SP
Bakar Ponpes Karena Sering Dirundung, Potret Gagalnya Pendidikan Sekuler
TanahRibathMedia.Com—Bullying atau perundungan masih menjadi pekerjaan rumah besar bagi dunia pendidikan hari ini, bahkan kasus bullying semakin masif terjadi. Mirisnya pelaku hingga korbannya pun dari berbagai kalangan usia, baik sekolah dasar hingga perguruan tinggi. Seperti kasus pembakaran yang baru-baru ini terjadi di asrama pesantren di Aceh. Usut punya usut berdasar pengakuan pelaku adalah sebagai bentuk balas dendam terhadap para santri yang kerap merundung dirinya (Detiknews, 31 Oktober 2024).
Sementara itu genap satu minggu kemudian, terjadi kasus serupa. Sebuah ledakan besar terdengar di lingkungan SMAN 72 Jakarta yang menyebabkan 96 korban luka. Pelakunya diduga merupakan siswa kelas 12 yang juga menjadi korban bullying (Kumparan, 7 November 2025).
Masifnya Kasus Bullying di Lingkungan Pendidikan
Menurut data dari Jaringan Pemantau Pendidikan Indonesia (JPPI) menunjukkan lonjakan signifikan kasus bullying di lingkungan sekolah. Pada tahun 2023 tercatat 285 kasus yang terlapor, dan meningkat lebih dari 100 persen pada 2024, yakni menjadi 573 kasus. Meski belum ada data konkret untuk 2025, linimasa berita masih dipenuhi kabar perundungan, baik di sekolah, pesantren, maupun perguruan tinggi.
Bullying jelas berdampak serius pada korbannya. Dampak tersebut bisa berupa rasa takut, gangguan kecemasan, keinginan mengasingkan diri, hingga hal yang lebih berbahaya seperti munculnya dorongan untuk bunuh diri atau melakukan kekerasan sebagai bentuk balas dendam (National Child Traumatic Stress Network).
Gagalnya Sistem Pendidikan Sekuler
Maraknya kasus bullying di sekolah menjadi bukti nyata bahwa sistem pendidikan sekuler yang diterapkan hari ini telah gagal membentuk generasi muda kepribadian yang berakhlak mulia dan berbudi luhur.
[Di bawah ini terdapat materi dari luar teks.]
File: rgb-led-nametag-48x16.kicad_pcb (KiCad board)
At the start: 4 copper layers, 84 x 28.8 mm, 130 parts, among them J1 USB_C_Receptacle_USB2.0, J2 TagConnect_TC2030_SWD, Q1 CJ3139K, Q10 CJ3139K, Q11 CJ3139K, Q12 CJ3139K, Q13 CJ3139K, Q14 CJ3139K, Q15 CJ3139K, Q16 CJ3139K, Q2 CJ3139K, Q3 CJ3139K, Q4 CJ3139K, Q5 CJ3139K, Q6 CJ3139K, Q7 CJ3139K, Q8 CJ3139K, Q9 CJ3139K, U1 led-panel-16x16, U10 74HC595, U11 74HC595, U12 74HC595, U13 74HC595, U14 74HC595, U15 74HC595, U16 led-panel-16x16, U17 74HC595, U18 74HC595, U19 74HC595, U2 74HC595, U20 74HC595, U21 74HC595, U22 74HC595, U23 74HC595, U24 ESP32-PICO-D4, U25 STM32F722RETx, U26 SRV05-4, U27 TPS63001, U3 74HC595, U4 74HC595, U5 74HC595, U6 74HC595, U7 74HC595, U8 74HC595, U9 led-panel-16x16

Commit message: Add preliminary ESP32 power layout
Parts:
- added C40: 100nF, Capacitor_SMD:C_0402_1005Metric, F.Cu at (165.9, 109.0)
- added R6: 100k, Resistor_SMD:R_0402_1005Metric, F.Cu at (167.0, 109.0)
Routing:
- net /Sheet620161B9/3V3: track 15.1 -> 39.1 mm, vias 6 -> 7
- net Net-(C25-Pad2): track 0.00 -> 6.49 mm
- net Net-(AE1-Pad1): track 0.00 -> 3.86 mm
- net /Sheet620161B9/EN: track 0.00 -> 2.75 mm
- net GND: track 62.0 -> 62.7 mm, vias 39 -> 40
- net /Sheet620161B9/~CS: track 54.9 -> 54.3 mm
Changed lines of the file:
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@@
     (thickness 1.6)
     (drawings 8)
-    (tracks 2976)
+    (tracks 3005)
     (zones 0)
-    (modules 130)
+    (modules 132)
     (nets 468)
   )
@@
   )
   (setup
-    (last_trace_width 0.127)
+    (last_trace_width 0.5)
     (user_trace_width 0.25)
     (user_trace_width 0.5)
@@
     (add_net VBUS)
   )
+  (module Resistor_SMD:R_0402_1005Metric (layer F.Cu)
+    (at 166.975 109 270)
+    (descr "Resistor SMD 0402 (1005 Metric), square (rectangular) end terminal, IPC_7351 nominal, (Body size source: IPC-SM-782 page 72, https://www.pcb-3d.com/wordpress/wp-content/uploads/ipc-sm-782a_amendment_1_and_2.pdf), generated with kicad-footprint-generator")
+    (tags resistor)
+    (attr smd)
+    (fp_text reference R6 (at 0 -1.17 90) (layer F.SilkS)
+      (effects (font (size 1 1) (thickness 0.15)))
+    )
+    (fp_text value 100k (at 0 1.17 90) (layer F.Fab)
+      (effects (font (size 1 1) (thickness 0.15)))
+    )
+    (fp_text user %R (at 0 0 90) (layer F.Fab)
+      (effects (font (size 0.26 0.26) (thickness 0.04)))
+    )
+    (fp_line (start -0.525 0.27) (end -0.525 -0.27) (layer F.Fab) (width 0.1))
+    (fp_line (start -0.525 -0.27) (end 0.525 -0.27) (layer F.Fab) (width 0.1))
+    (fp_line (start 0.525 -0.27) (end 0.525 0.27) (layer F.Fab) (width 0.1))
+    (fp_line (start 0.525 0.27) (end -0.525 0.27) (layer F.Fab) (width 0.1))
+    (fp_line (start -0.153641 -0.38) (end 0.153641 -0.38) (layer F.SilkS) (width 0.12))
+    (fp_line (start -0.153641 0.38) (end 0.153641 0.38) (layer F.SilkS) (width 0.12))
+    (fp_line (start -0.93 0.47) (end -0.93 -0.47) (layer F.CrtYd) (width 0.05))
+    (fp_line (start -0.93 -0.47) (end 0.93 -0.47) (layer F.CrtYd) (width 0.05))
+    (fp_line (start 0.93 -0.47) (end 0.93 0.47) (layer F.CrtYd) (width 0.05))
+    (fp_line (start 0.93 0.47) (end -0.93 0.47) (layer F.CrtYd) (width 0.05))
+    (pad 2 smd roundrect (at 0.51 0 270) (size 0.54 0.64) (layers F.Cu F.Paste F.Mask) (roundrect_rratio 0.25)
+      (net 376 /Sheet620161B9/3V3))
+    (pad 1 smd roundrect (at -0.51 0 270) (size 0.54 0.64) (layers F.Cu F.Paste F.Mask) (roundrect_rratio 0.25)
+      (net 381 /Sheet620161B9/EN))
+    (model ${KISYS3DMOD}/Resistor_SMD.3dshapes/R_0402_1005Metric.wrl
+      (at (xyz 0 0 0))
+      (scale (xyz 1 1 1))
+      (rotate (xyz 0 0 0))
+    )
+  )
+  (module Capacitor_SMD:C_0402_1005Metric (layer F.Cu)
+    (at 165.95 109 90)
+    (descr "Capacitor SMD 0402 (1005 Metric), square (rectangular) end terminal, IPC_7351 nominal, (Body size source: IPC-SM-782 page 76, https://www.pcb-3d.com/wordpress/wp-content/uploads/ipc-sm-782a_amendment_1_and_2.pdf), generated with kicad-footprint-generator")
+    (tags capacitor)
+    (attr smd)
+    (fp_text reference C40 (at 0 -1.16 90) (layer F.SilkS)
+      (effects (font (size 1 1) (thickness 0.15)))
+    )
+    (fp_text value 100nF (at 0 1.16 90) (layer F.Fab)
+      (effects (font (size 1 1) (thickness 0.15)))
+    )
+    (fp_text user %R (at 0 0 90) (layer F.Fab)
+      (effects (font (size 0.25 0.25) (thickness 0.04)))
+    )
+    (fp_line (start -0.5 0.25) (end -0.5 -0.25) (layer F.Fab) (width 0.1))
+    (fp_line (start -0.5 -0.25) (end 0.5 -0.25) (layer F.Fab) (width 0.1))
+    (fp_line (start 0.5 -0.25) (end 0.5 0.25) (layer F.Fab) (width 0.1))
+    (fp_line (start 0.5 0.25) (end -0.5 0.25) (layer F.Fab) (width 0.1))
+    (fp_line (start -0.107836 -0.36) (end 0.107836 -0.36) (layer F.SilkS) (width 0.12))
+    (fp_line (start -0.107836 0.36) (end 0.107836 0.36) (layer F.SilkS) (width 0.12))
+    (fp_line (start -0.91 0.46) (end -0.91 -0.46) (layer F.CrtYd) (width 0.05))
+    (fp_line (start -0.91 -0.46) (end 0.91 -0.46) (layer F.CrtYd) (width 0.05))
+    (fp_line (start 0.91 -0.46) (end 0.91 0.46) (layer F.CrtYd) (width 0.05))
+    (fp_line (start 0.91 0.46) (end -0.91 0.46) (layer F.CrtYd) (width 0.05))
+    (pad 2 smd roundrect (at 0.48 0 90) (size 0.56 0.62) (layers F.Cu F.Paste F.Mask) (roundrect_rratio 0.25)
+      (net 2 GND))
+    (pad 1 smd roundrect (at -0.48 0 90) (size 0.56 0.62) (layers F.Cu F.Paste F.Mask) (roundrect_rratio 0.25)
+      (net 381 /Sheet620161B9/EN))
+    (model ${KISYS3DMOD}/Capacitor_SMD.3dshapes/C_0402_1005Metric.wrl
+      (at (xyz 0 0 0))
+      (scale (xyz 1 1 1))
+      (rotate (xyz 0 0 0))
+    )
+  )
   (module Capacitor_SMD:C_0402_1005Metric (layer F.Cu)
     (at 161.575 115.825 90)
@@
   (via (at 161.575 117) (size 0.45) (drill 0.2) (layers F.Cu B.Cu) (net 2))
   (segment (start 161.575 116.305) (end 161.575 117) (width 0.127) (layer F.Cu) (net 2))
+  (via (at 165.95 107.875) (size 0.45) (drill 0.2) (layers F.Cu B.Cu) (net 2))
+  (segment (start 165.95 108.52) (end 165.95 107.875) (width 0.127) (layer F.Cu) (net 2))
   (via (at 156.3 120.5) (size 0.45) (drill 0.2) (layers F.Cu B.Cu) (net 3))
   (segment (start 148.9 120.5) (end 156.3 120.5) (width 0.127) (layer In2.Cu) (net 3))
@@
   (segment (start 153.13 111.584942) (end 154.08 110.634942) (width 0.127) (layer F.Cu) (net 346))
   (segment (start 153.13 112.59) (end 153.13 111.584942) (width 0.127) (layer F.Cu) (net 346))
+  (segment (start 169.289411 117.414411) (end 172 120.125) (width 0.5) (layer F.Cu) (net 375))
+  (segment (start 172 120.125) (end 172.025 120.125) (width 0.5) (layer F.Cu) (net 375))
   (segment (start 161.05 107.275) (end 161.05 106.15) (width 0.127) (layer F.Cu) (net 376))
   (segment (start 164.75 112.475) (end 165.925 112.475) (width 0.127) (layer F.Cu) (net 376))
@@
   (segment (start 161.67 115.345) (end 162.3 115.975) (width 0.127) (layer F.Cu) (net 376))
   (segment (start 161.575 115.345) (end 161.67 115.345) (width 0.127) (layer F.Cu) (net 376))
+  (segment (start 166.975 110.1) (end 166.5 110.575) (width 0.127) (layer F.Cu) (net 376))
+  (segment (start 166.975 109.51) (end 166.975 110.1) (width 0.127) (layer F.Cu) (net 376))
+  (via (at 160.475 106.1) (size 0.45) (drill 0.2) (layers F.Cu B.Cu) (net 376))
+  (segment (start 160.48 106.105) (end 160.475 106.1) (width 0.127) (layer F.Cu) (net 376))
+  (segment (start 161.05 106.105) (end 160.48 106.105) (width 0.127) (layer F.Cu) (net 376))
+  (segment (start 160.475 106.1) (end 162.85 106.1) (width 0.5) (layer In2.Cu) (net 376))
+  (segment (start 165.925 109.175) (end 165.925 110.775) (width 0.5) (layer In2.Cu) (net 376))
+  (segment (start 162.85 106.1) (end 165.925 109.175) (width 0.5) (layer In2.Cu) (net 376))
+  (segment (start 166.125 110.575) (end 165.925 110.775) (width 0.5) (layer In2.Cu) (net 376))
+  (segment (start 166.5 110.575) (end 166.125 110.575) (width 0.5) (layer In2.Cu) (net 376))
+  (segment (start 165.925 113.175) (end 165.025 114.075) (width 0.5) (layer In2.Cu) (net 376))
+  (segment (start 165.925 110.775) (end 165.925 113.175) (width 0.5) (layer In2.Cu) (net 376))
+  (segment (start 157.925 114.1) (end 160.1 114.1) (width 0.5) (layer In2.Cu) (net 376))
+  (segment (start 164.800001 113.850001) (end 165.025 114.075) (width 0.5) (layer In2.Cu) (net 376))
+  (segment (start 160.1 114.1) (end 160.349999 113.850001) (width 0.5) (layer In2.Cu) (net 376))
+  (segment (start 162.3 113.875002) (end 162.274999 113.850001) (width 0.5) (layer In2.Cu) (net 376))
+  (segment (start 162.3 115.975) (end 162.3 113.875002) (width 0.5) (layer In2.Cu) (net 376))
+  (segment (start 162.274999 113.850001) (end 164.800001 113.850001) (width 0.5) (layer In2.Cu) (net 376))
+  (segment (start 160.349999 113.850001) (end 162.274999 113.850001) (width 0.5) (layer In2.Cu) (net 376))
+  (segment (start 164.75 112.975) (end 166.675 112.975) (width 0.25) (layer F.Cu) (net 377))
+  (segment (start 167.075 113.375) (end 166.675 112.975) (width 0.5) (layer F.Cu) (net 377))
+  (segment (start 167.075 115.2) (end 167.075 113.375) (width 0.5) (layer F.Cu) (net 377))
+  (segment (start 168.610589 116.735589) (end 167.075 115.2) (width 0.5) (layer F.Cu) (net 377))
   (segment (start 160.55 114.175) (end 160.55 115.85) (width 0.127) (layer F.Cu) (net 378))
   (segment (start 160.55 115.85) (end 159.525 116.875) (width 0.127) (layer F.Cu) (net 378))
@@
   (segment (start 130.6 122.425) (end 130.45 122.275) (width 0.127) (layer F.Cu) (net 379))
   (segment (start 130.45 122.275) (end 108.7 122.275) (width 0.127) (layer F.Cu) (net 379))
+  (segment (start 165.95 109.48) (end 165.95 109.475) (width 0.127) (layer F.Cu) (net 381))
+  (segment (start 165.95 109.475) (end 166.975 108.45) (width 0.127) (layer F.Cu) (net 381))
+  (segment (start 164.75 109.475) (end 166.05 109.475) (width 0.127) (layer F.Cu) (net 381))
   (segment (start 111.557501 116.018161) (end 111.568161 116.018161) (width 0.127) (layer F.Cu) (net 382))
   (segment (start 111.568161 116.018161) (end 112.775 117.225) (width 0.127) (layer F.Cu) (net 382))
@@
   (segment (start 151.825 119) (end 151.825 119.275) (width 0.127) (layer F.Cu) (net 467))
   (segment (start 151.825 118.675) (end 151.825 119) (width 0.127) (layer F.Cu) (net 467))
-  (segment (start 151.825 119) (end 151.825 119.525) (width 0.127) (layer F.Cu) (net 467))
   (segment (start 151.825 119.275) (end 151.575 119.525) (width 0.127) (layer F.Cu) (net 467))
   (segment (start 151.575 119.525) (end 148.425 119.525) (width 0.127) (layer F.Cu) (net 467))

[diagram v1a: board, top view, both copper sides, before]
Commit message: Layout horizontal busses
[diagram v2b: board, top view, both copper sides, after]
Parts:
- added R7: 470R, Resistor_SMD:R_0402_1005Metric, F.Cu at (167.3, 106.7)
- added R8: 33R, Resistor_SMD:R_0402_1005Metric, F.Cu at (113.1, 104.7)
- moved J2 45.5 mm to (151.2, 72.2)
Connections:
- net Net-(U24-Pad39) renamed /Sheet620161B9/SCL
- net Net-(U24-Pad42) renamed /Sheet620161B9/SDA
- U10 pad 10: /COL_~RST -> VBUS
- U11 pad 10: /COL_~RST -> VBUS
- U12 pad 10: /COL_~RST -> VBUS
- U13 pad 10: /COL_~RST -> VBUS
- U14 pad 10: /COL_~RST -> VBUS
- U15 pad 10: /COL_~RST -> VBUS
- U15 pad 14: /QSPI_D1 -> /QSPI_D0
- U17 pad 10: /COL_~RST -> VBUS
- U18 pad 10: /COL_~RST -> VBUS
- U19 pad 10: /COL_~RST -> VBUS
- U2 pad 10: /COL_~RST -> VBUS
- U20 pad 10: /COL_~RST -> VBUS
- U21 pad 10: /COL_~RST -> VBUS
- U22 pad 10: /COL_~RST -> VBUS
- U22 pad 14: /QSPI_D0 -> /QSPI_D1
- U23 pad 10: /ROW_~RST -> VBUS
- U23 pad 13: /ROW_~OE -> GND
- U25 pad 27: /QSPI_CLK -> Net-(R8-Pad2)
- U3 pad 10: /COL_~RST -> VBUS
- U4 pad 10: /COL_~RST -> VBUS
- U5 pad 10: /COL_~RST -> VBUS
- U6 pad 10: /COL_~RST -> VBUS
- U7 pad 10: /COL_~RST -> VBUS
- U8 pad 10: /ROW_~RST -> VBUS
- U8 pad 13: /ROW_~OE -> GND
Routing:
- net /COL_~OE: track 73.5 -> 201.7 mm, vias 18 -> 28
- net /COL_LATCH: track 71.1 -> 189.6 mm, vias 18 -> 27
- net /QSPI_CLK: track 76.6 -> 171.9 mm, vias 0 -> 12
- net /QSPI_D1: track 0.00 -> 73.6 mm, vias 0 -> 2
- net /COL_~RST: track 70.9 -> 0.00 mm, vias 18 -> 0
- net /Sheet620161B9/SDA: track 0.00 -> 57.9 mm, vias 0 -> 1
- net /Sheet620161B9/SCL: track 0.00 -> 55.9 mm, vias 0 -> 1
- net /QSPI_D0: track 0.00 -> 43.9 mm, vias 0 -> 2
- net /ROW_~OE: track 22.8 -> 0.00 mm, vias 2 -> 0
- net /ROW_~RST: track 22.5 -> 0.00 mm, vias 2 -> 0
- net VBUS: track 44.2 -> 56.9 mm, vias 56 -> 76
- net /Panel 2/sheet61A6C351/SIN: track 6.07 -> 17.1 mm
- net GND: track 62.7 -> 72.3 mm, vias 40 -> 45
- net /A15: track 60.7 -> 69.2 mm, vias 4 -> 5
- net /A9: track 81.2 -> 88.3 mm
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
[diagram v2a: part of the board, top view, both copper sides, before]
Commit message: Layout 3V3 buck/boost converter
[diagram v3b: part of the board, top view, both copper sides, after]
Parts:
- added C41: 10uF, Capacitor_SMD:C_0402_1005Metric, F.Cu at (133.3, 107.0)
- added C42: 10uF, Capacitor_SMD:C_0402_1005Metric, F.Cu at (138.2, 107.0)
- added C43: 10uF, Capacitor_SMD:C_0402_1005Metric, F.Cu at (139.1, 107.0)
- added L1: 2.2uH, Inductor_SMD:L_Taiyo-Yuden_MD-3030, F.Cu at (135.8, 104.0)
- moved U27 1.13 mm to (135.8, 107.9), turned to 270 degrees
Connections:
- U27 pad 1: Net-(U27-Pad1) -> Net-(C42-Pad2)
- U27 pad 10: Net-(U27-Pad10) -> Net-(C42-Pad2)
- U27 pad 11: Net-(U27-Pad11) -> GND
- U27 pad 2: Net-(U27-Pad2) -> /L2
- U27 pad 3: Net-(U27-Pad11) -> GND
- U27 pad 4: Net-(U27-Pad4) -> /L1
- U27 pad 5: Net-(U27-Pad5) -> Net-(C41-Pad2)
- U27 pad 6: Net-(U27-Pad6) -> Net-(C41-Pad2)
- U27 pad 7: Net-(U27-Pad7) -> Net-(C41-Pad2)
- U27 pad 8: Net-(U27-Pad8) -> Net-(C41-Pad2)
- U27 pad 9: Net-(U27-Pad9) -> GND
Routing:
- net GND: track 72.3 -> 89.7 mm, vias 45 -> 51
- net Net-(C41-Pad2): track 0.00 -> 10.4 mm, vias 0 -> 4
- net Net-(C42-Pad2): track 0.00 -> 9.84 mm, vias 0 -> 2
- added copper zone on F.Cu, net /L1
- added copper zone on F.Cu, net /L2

Sekolah seharusnya menjadi tempat di mana siswa merasa aman dan dapat mengembangkan kepribadiannya. Namun, dalam sistem pendidikan kapitalis-sekuler, sekolah hanya berfokus pada pencapaian materi saja.
Pendidikan sekuler hanya menuntut siswa menguasai pelajaran dan keahlian untuk bersaing di dunia kerja, sementara pelajaran agama yang diharapkan mampu membentuk karakter hanya mendapat jatah dua jam pelajaran per minggu. Keadaan ini diperburuk oleh paparan media yang tak mendidik dari berbagai platform. Kekerasan, pornografi, dan berbagai konten destruktif mudah diakses siapa pun, termasuk anak dan remaja. Dari sana, siswa kerap mengadaptasi pola pikir dan perilaku yang merusak.
Penanganan kasus bullying oleh pemerintah pun belum menjadi solusi berarti. Buktinya, kasus perundungan dan aksi balas dendam terus berulang setiap tahun. Ini menunjukkan perlunya solusi holistik terhadap perundungan beserta dampak turunannya.
Hanya Pendidikan Islam Lahirkan Generasi Gemilang
Pendidikan sejatinya merupakan pilar utama pembentukan karakter. Dalam sistem pendidikan Islam, pendidikan bertujuan membentuk kepribadian Islam. Akidah menjadi dasar penyusunan kurikulum, sementara adab menjadi fokus utama dalam proses pendidikan.
Sistem pendidikan Islam memberikan pembinaan intensif untuk membentuk pola pikir dan pola sikap islami. Dengan demikian, peserta didik tidak hanya memperoleh nilai materi, tetapi juga nilai maknawi dan ruhiyah. Mereka tidak sekadar unggul dalam pelajaran dan keterampilan duniawi, tetapi juga tumbuh sesuai fitrahnya sebagai manusia.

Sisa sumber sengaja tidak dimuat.